Julia removed the lamps from the hiding space, so the only light was coming from the other side of the hole in the wall. We helped Leeta into the crate. Once inside, she stepped into her sleeping bag and pulled it up so it rested under her arms like a strapless dress. She lowered herself into the crate and lay on the bottom in the fetal position, her face positioned near one of the air holes. Julia and I dropped eyebrow pencils on top of her and she didn't flinch. We filled the crate with pencils, all the way to the top, until there was no sign of a person underneath. Julia attached the lid.
After we wheeled the crate out of the hiding space, Julia sealed the hole shut, pushing the boxes back in front of it. We moved down the Blush corridor toward the exit.
“Am I allowed to ask where you're taking her?”
“New Mexico,” Julia said. “I'll hand her off to someone there.

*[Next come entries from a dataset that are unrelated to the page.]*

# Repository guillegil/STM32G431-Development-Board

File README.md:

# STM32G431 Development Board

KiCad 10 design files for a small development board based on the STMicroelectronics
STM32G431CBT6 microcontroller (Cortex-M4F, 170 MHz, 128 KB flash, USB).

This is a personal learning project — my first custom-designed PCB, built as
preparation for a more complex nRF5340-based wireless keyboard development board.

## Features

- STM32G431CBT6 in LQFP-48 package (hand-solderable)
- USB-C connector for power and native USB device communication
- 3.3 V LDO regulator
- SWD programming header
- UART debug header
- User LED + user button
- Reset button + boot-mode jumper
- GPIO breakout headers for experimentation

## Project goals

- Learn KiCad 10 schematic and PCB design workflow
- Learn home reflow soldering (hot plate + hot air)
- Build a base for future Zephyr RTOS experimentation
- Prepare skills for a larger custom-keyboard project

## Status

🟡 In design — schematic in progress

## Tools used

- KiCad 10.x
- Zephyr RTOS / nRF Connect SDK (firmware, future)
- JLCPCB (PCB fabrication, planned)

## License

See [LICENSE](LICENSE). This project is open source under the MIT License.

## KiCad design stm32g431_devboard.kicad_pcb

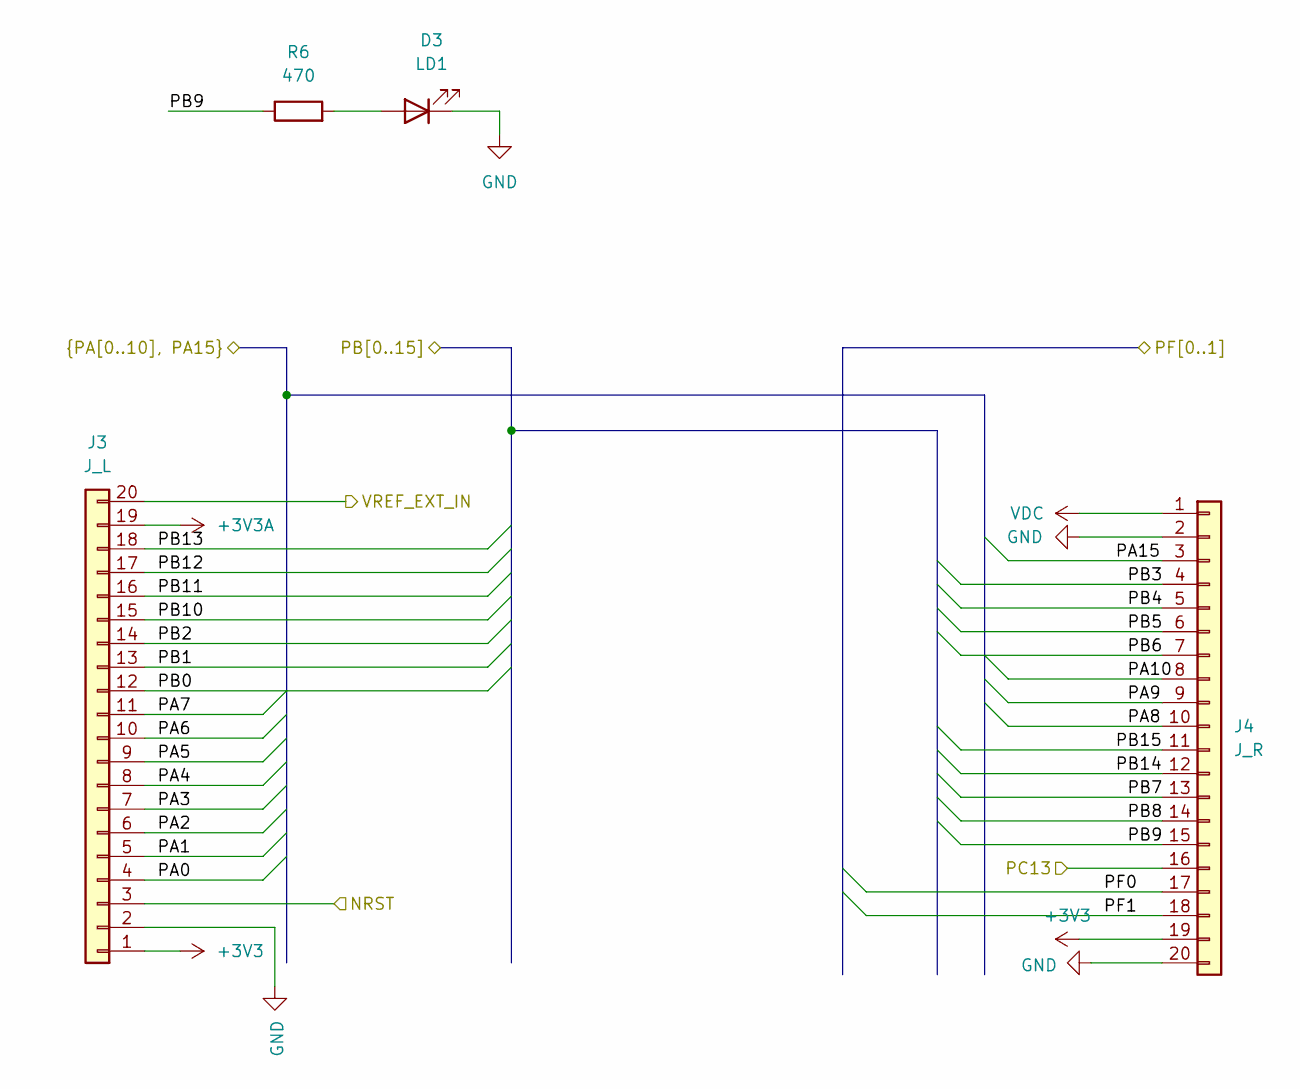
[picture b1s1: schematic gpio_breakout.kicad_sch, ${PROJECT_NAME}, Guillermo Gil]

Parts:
D3: LD1; LED_0603_1608Metric_Pad1.05x0.95mm_HandSolder
J3: J_L; PinHeader_1x20_P2.54mm_Vertical
J4: J_R; PinHeader_1x20_P2.54mm_Vertical
R6: 470; R_0603_1608Metric_Pad0.98x0.95mm_HandSolder

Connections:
+3V3: J3.1, J4.19; also elsewhere on the board
+3V3A: J3.19; also elsewhere on the board
/GPIO Breakout/PA0: J3.4; also elsewhere on the board
/GPIO Breakout/PA1: J3.5; also elsewhere on the board
/GPIO Breakout/PA2: J3.6; also elsewhere on the board
/GPIO Breakout/PA3: J3.7; also elsewhere on the board
/GPIO Breakout/PA4: J3.8; also elsewhere on the board
/GPIO Breakout/PA5: J3.9; also elsewhere on the board
/GPIO Breakout/PA6: J3.10; also elsewhere on the board
/GPIO Breakout/PA7: J3.11; also elsewhere on the board
/GPIO Breakout/PA8: J4.10; also elsewhere on the board
/GPIO Breakout/PA9: J4.9; also elsewhere on the board
/GPIO Breakout/PA10: J4.8; also elsewhere on the board
/GPIO Breakout/PA15: J4.3; also elsewhere on the board
/GPIO Breakout/PB0: J3.12; also elsewhere on the board
/GPIO Breakout/PB1: J3.13; also elsewhere on the board
/GPIO Breakout/PB2: J3.14; also elsewhere on the board
/GPIO Breakout/PB3: J4.4; also elsewhere on the board
/GPIO Breakout/PB4: J4.5; also elsewhere on the board
/GPIO Breakout/PB5: J4.6; also elsewhere on the board
/GPIO Breakout/PB6: J4.7; also elsewhere on the board
/GPIO Breakout/PB7: J4.13; also elsewhere on the board
/GPIO Breakout/PB8: J4.14; also elsewhere on the board
/GPIO Breakout/PB9: J4.15, R6.1; also elsewhere on the board
/GPIO Breakout/PB10: J3.15; also elsewhere on the board
/GPIO Breakout/PB11: J3.16; also elsewhere on the board
/GPIO Breakout/PB12: J3.17; also elsewhere on the board
/GPIO Breakout/PB13: J3.18; also elsewhere on the board
/GPIO Breakout/PB14: J4.12; also elsewhere on the board
/GPIO Breakout/PB15: J4.11; also elsewhere on the board
/GPIO Breakout/PF0: J4.17; also elsewhere on the board
/GPIO Breakout/PF1: J4.18; also elsewhere on the board
/GPIO Breakout/VREF_EXT_IN: J3.20; also elsewhere on the board
/MCU/NRST: J3.3; also elsewhere on the board
/MCU/PC13: J4.16; also elsewhere on the board
GND: D3.1 (K), J3.2, J4.2, J4.20; also elsewhere on the board
unnamed: D3.2 (A), R6.2
VDC: J4.1; also elsewhere on the board

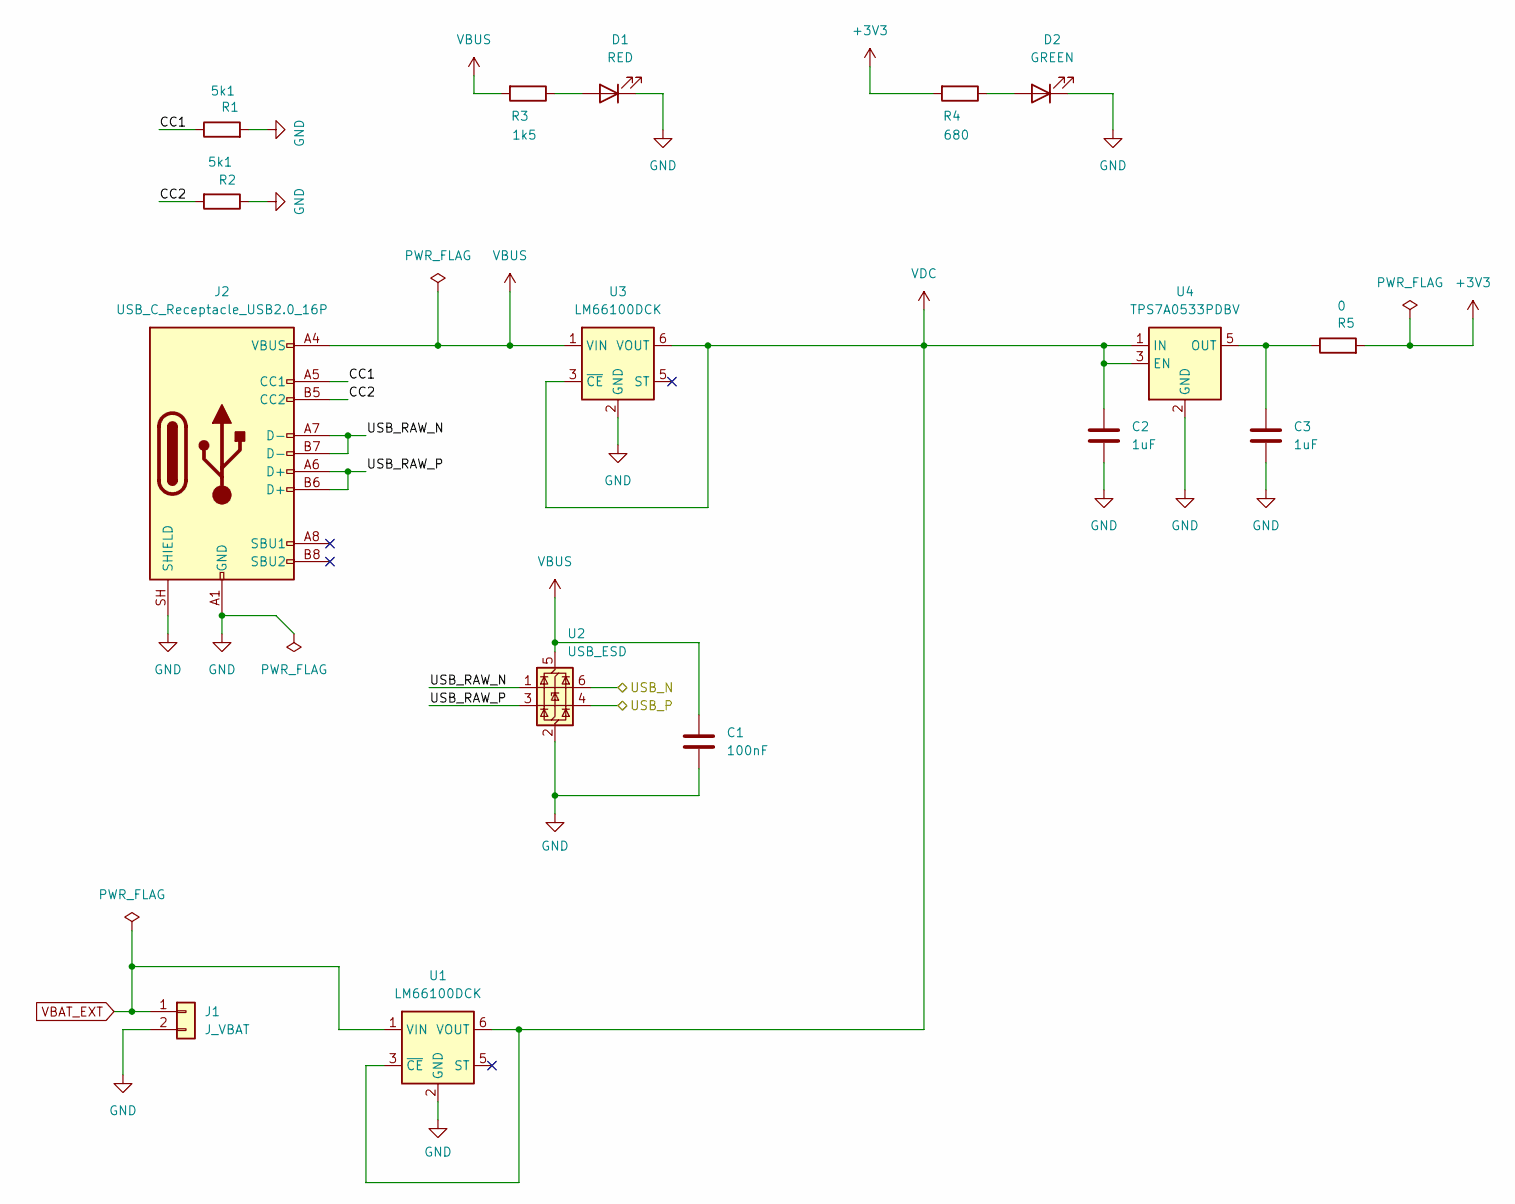
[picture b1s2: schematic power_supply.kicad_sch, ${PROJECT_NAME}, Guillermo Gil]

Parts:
C1: 100nF; C_0603_1608Metric_Pad1.08x0.95mm_HandSolder
C2, C3: 1uF; C_0603_1608Metric_Pad1.08x0.95mm_HandSolder
D1: RED; LED_0603_1608Metric_Pad1.05x0.95mm_HandSolder
D2: GREEN; LED_0603_1608Metric_Pad1.05x0.95mm_HandSolder
J1: J_VBAT; PinHeader_1x02_P2.54mm_Vertical
J2: USB_C_Receptacle_USB2.0_16P; USB_C_Receptacle_GCT_USB4085
R1, R2: 5k1; R_0603_1608Metric_Pad0.98x0.95mm_HandSolder
R3: 1k5; R_0603_1608Metric_Pad0.98x0.95mm_HandSolder
R4: 680; R_0603_1608Metric_Pad0.98x0.95mm_HandSolder
R5: 0; R_0603_1608Metric_Pad0.98x0.95mm_HandSolder
U1, U3: LM66100DCK; SOT-363_SC-70-6
U2: USB_ESD; SOT-23-6
U4: TPS7A0533PDBV; SOT-23-5_HandSoldering

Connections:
+3V3: R4.2, R5.2; also elsewhere on the board
/MCU/USB_N: U2.6 (I/O1); also elsewhere on the board
/MCU/USB_P: U2.4 (I/O2); also elsewhere on the board
/Power Supply/CC1: J2.A5 (CC1), R1.1
/Power Supply/CC2: J2.B5 (CC2), R2.2
/Power Supply/USB_RAW_N: J2.A7 (D-), J2.B7 (D-), U2.1 (I/O1)
/Power Supply/USB_RAW_P: J2.A6 (D+), J2.B6 (D+), U2.3 (I/O2)
GND: C1.2, C2.2, C3.2, D1.1 (K), D2.1 (K), J1.2, J2.A1 (GND), J2.A12 (GND), J2.B1 (GND), J2.B12 (GND), J2.SH (SHIELD), R1.2, R2.1, U1.2 (GND), U2.2 (GND), U3.2 (GND), U4.2 (GND); also elsewhere on the board
unnamed: D1.2 (A), R3.1
unnamed: D2.2 (A), R4.1
unnamed: C3.1, R5.1, U4.5 (OUT)
VBAT_EXT: J1.1, U1.1 (VIN)
VBUS: C1.1, J2.A4 (VBUS), J2.A9 (VBUS), J2.B4 (VBUS), J2.B9 (VBUS), R3.2, U2.5 (VBUS), U3.1 (VIN)
VDC: C2.1, U1.3 (~CE), U1.6 (VOUT), U3.3 (~CE), U3.6 (VOUT), U4.1 (IN), U4.3 (EN); also elsewhere on the board

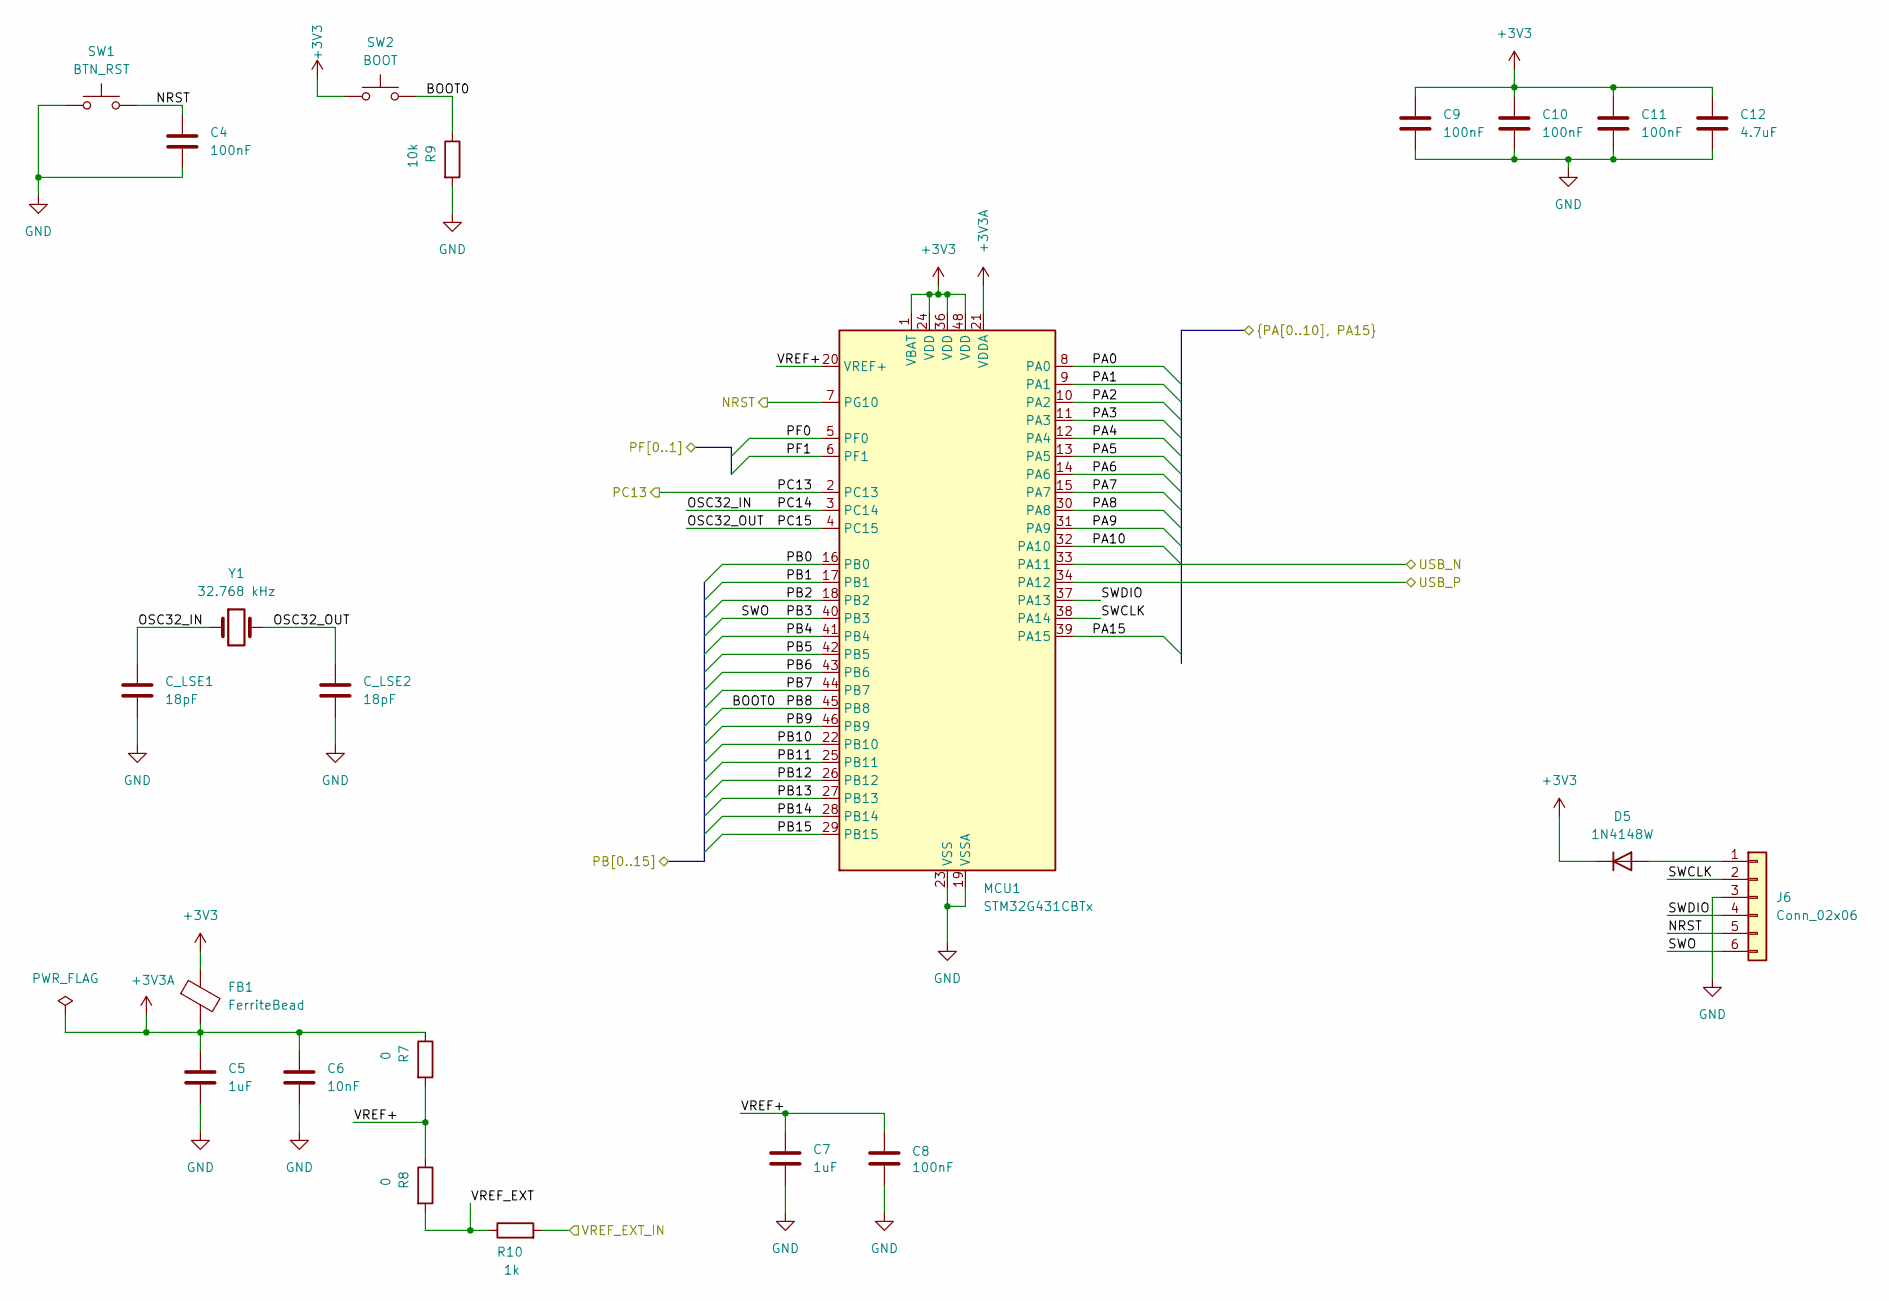
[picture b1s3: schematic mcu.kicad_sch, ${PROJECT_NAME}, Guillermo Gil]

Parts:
C4, C8, C9, C10, C11: 100nF; C_0603_1608Metric_Pad1.08x0.95mm_HandSolder
C5, C7: 1uF; C_0603_1608Metric_Pad1.08x0.95mm_HandSolder
C6: 10nF; C_0603_1608Metric_Pad1.08x0.95mm_HandSolder
C12: 4.7uF; C_0603_1608Metric_Pad1.08x0.95mm_HandSolder
C_LSE1, C_LSE2: 18pF; C_0603_1608Metric_Pad1.08x0.95mm_HandSolder
D5: 1N4148W; D_SOD-323
FB1: FerriteBead; L_0603_1608Metric_Pad1.05x0.95mm_HandSolder
J6: Conn_02x06; PinHeader_2x03_P2.54mm_Vertical_SMD
MCU1: STM32G431CBTx; LQFP-48_7x7mm_P0.5mm
R7, R8: 0; R_0603_1608Metric_Pad0.98x0.95mm_HandSolder
R9: 10k; R_0603_1608Metric_Pad0.98x0.95mm_HandSolder
R10: 1k; R_0603_1608Metric_Pad0.98x0.95mm_HandSolder
SW1: BTN_RST; SW_SPST_PTS810
SW2: BOOT; SW_SPST_PTS810
Y1: 32.768 kHz; Crystal_SMD_3215-2Pin_3.2x1.5mm

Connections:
+3V3: C9.1, C10.1, C11.1, C12.1, D5.1 (K), FB1.1, MCU1.1 (VBAT), MCU1.24 (VDD), MCU1.36 (VDD), MCU1.48 (VDD), SW2.1; also elsewhere on the board
+3V3A: C5.1, C6.1, FB1.2, MCU1.21 (VDDA), R7.1; also elsewhere on the board
/GPIO Breakout/PA0: MCU1.8 (PA0); also elsewhere on the board
/GPIO Breakout/PA1: MCU1.9 (PA1); also elsewhere on the board
/GPIO Breakout/PA2: MCU1.10 (PA2); also elsewhere on the board
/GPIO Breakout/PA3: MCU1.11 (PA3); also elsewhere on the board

She has to keep moving.”
We took the service elevator to the parking level and pushed the brown crate to the back of a small white delivery van that Julia had rented. I looked over my shoulders, exposed and scared. “Act normal,” Julia whispered. “There might be cameras.”
There were no windows on the sides of the van or in the back doors. With great effort, we lifted the crate and wrestled it into the hold. Once it was secure, Julia locked the doors. I wanted to say
Be careful
or
Good luck,
but nothing I could say would have been adequate.
“Write the book,” Julia said, and I told her I would. When she was in the driver's seat with the door closed, I placed my palm against the glass and Julia did the same on her side. That's how we said goodbye.